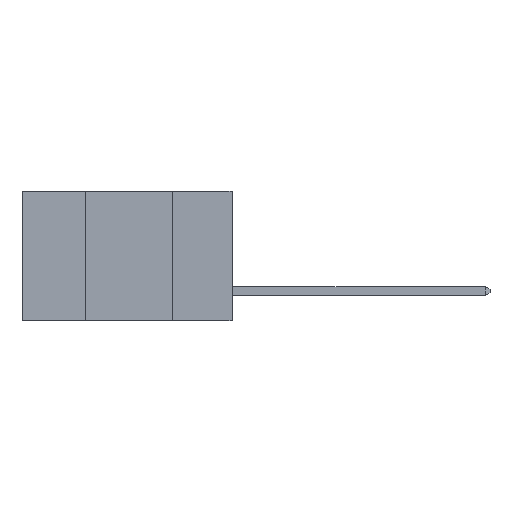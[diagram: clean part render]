
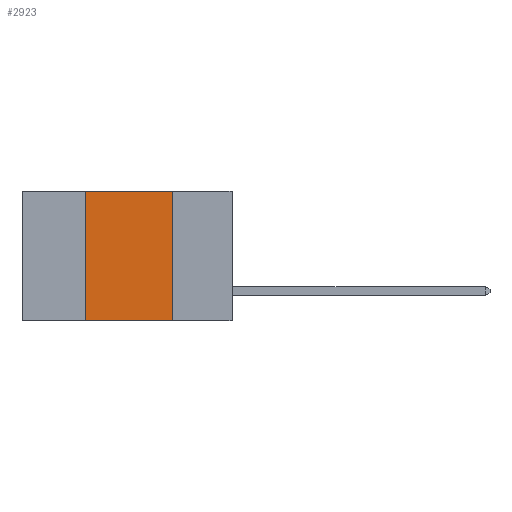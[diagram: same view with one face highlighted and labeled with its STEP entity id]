
A CAD part, left-side view. The second image highlights one B-rep face of the part: STEP entity #2923.
In plain terms, the highlighted planar face has unit normal (-1, 0, 0).
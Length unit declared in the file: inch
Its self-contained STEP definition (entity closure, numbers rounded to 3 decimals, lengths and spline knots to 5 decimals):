
#297 = VECTOR ( 'NONE', #6323, 39.37008 ) ;
#2923 = ADVANCED_FACE ( 'NONE', ( #20801 ), #16938, .F. ) ;
#3321 = CARTESIAN_POINT ( 'NONE',  ( 0., 0.17, -0.37 ) ) ;
#3645 = EDGE_CURVE ( 'NONE', #9932, #7991, #10203, .T. ) ;
#4319 = VERTEX_POINT ( 'NONE', #3321 ) ;
#4494 = DIRECTION ( 'NONE',  ( 0., -1., 0. ) ) ;
#5163 = CARTESIAN_POINT ( 'NONE',  ( 0., 0.42, 0. ) ) ;
#5314 = VECTOR ( 'NONE', #20232, 39.37008 ) ;
#5391 = CARTESIAN_POINT ( 'NONE',  ( 0., 0.42, -0.37 ) ) ;
#5413 = VECTOR ( 'NONE', #17829, 39.37008 ) ;
#5748 = LINE ( 'NONE', #11709, #297 ) ;
#6281 = EDGE_CURVE ( 'NONE', #11154, #4319, #14951, .T. ) ;
#6323 = DIRECTION ( 'NONE',  ( 0., -1., 0. ) ) ;
#7991 = VERTEX_POINT ( 'NONE', #5163 ) ;
#8370 = EDGE_CURVE ( 'NONE', #7991, #11154, #5748, .T. ) ;
#9830 = ORIENTED_EDGE ( 'NONE', *, *, #3645, .F. ) ;
#9932 = VERTEX_POINT ( 'NONE', #5391 ) ;
#10203 = LINE ( 'NONE', #19952, #5413 ) ;
#10799 = CARTESIAN_POINT ( 'NONE',  ( 0., 0.17, 0. ) ) ;
#11049 = CARTESIAN_POINT ( 'NONE',  ( 0., 0.17, 0. ) ) ;
#11110 = ORIENTED_EDGE ( 'NONE', *, *, #12743, .T. ) ;
#11154 = VERTEX_POINT ( 'NONE', #10799 ) ;
#11709 = CARTESIAN_POINT ( 'NONE',  ( 0., 0.6, 0. ) ) ;
#12166 = ORIENTED_EDGE ( 'NONE', *, *, #8370, .F. ) ;
#12585 = ORIENTED_EDGE ( 'NONE', *, *, #6281, .F. ) ;
#12743 = EDGE_CURVE ( 'NONE', #9932, #4319, #22450, .T. ) ;
#13772 = CARTESIAN_POINT ( 'NONE',  ( 0., 0.6, 0. ) ) ;
#14951 = LINE ( 'NONE', #11049, #5314 ) ;
#16495 = DIRECTION ( 'NONE',  ( 0., 0., -1. ) ) ;
#16635 = DIRECTION ( 'NONE',  ( 1., 0., 0. ) ) ;
#16938 = PLANE ( 'NONE',  #21985 ) ;
#17146 = CARTESIAN_POINT ( 'NONE',  ( 0., 0.6, -0.37 ) ) ;
#17829 = DIRECTION ( 'NONE',  ( 0., 0., 1. ) ) ;
#19249 = EDGE_LOOP ( 'NONE', ( #12585, #12166, #9830, #11110 ) ) ;
#19952 = CARTESIAN_POINT ( 'NONE',  ( 0., 0.42, 0. ) ) ;
#20232 = DIRECTION ( 'NONE',  ( 0., 0., -1. ) ) ;
#20801 = FACE_OUTER_BOUND ( 'NONE', #19249, .T. ) ;
#21985 = AXIS2_PLACEMENT_3D ( 'NONE', #13772, #16635, #16495 ) ;
#22450 = LINE ( 'NONE', #17146, #22990 ) ;
#22990 = VECTOR ( 'NONE', #4494, 39.37008 ) ;

::::

Print every entry above again without changing a word, and omit the pictures.

▶ _EXERCISE SOLUTION_
[diagram: clean part render]
[diagram: same view with one face highlighted and labeled with its STEP entity id]
A CAD part, left-side view. The second image highlights one B-rep face of the part: STEP entity #2923.
In plain terms, the highlighted planar face has unit normal (-1, 0, 0).
Length unit declared in the file: inch
Its self-contained STEP definition (entity closure, numbers rounded to 3 decimals, lengths and spline knots to 5 decimals):
#297 = VECTOR ( 'NONE', #6323, 39.37008 ) ;
#2923 = ADVANCED_FACE ( 'NONE', ( #20801 ), #16938, .F. ) ;
#3321 = CARTESIAN_POINT ( 'NONE',  ( 0., 0.17, -0.37 ) ) ;
#3645 = EDGE_CURVE ( 'NONE', #9932, #7991, #10203, .T. ) ;
#4319 = VERTEX_POINT ( 'NONE', #3321 ) ;
#4494 = DIRECTION ( 'NONE',  ( 0., -1., 0. ) ) ;
#5163 = CARTESIAN_POINT ( 'NONE',  ( 0., 0.42, 0. ) ) ;
#5314 = VECTOR ( 'NONE', #20232, 39.37008 ) ;
#5391 = CARTESIAN_POINT ( 'NONE',  ( 0., 0.42, -0.37 ) ) ;
#5413 = VECTOR ( 'NONE', #17829, 39.37008 ) ;
#5748 = LINE ( 'NONE', #11709, #297 ) ;
#6281 = EDGE_CURVE ( 'NONE', #11154, #4319, #14951, .T. ) ;
#6323 = DIRECTION ( 'NONE',  ( 0., -1., 0. ) ) ;
#7991 = VERTEX_POINT ( 'NONE', #5163 ) ;
#8370 = EDGE_CURVE ( 'NONE', #7991, #11154, #5748, .T. ) ;
#9830 = ORIENTED_EDGE ( 'NONE', *, *, #3645, .F. ) ;
#9932 = VERTEX_POINT ( 'NONE', #5391 ) ;
#10203 = LINE ( 'NONE', #19952, #5413 ) ;
#10799 = CARTESIAN_POINT ( 'NONE',  ( 0., 0.17, 0. ) ) ;
#11049 = CARTESIAN_POINT ( 'NONE',  ( 0., 0.17, 0. ) ) ;
#11110 = ORIENTED_EDGE ( 'NONE', *, *, #12743, .T. ) ;
#11154 = VERTEX_POINT ( 'NONE', #10799 ) ;
#11709 = CARTESIAN_POINT ( 'NONE',  ( 0., 0.6, 0. ) ) ;
#12166 = ORIENTED_EDGE ( 'NONE', *, *, #8370, .F. ) ;
#12585 = ORIENTED_EDGE ( 'NONE', *, *, #6281, .F. ) ;
#12743 = EDGE_CURVE ( 'NONE', #9932, #4319, #22450, .T. ) ;
#13772 = CARTESIAN_POINT ( 'NONE',  ( 0., 0.6, 0. ) ) ;
#14951 = LINE ( 'NONE', #11049, #5314 ) ;
#16495 = DIRECTION ( 'NONE',  ( 0., 0., -1. ) ) ;
#16635 = DIRECTION ( 'NONE',  ( 1., 0., 0. ) ) ;
#16938 = PLANE ( 'NONE',  #21985 ) ;
#17146 = CARTESIAN_POINT ( 'NONE',  ( 0., 0.6, -0.37 ) ) ;
#17829 = DIRECTION ( 'NONE',  ( 0., 0., 1. ) ) ;
#19249 = EDGE_LOOP ( 'NONE', ( #12585, #12166, #9830, #11110 ) ) ;
#19952 = CARTESIAN_POINT ( 'NONE',  ( 0., 0.42, 0. ) ) ;
#20232 = DIRECTION ( 'NONE',  ( 0., 0., -1. ) ) ;
#20801 = FACE_OUTER_BOUND ( 'NONE', #19249, .T. ) ;
#21985 = AXIS2_PLACEMENT_3D ( 'NONE', #13772, #16635, #16495 ) ;
#22450 = LINE ( 'NONE', #17146, #22990 ) ;
#22990 = VECTOR ( 'NONE', #4494, 39.37008 ) ;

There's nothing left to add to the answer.